▸ What you will do
Give the entries again exactly; drop the pictures.

Records Block Start

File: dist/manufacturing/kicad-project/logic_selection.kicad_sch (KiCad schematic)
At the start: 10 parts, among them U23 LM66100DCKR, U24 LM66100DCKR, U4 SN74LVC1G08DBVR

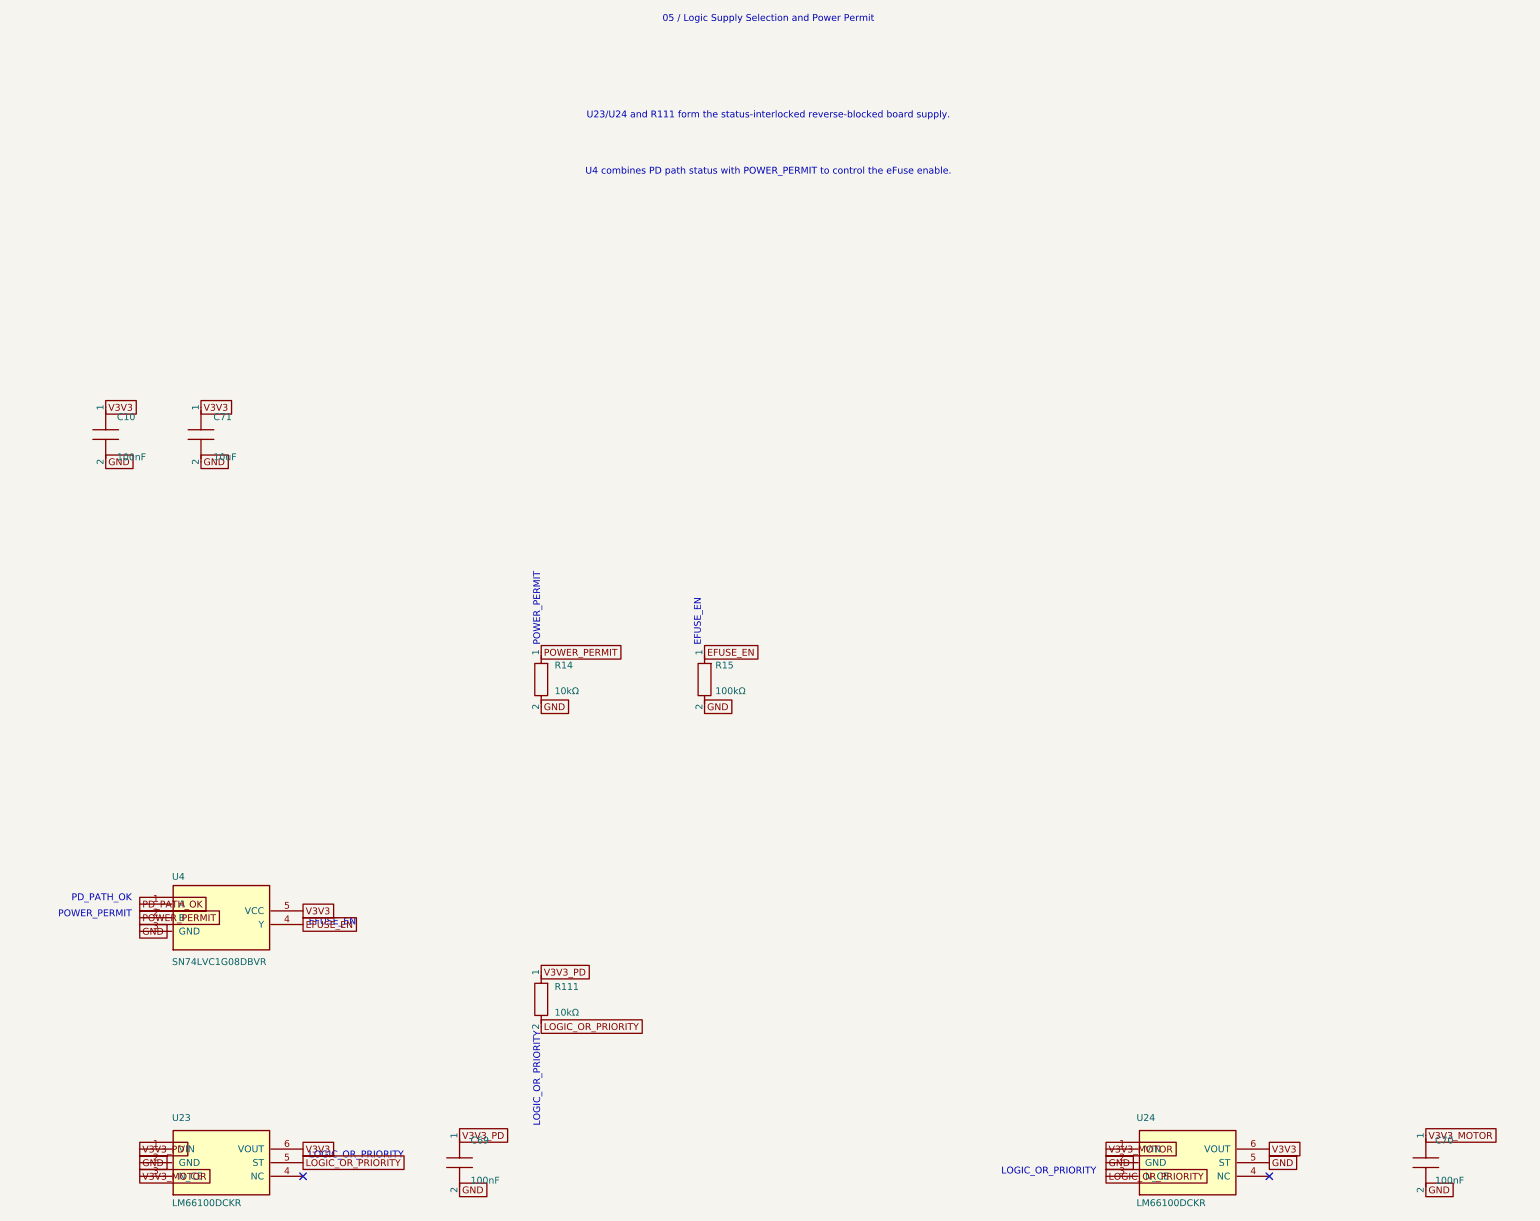
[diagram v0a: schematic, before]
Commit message: Implement motor harness and mounting; remove unsupported interfaces
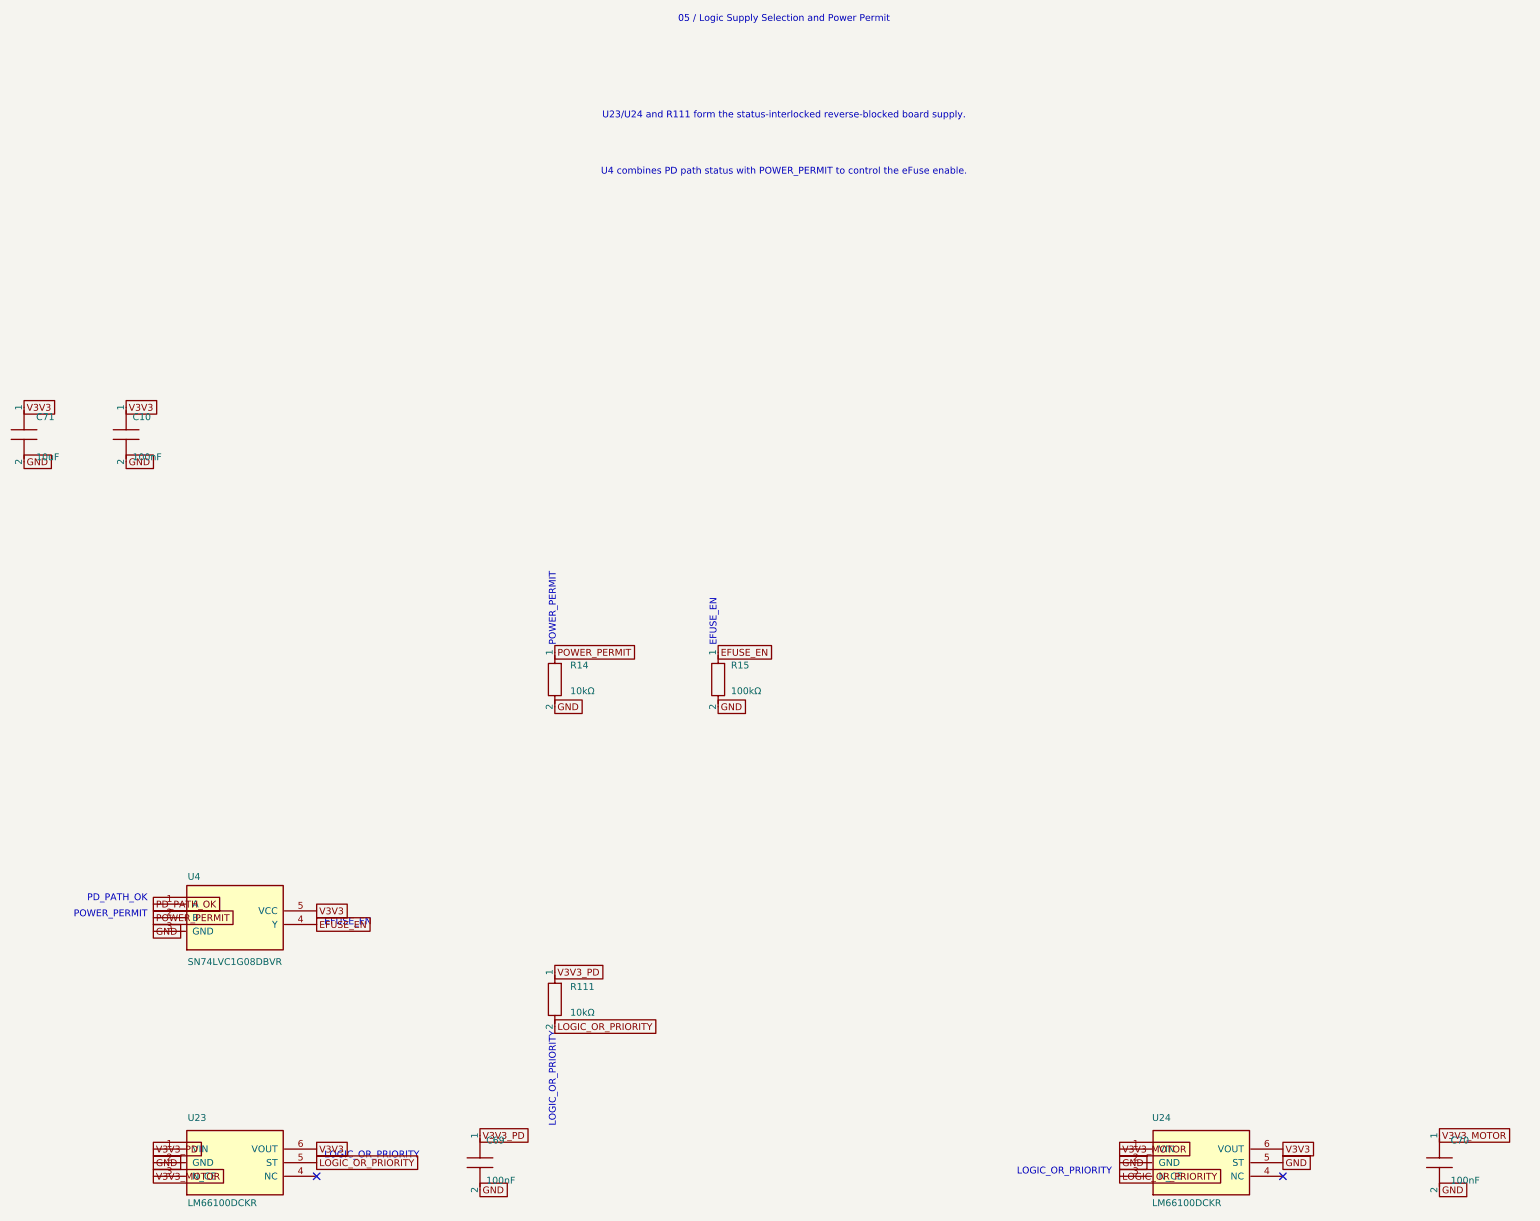
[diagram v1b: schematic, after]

Records Block End

▸ Task answer
File: dist/manufacturing/kicad-project/logic_selection.kicad_sch (KiCad schematic)
At the start: 10 parts, among them U23 LM66100DCKR, U24 LM66100DCKR, U4 SN74LVC1G08DBVR

[diagram v0a: schematic, before]
Commit message: Implement motor harness and mounting; remove unsupported interfaces
[diagram v1b: schematic, after]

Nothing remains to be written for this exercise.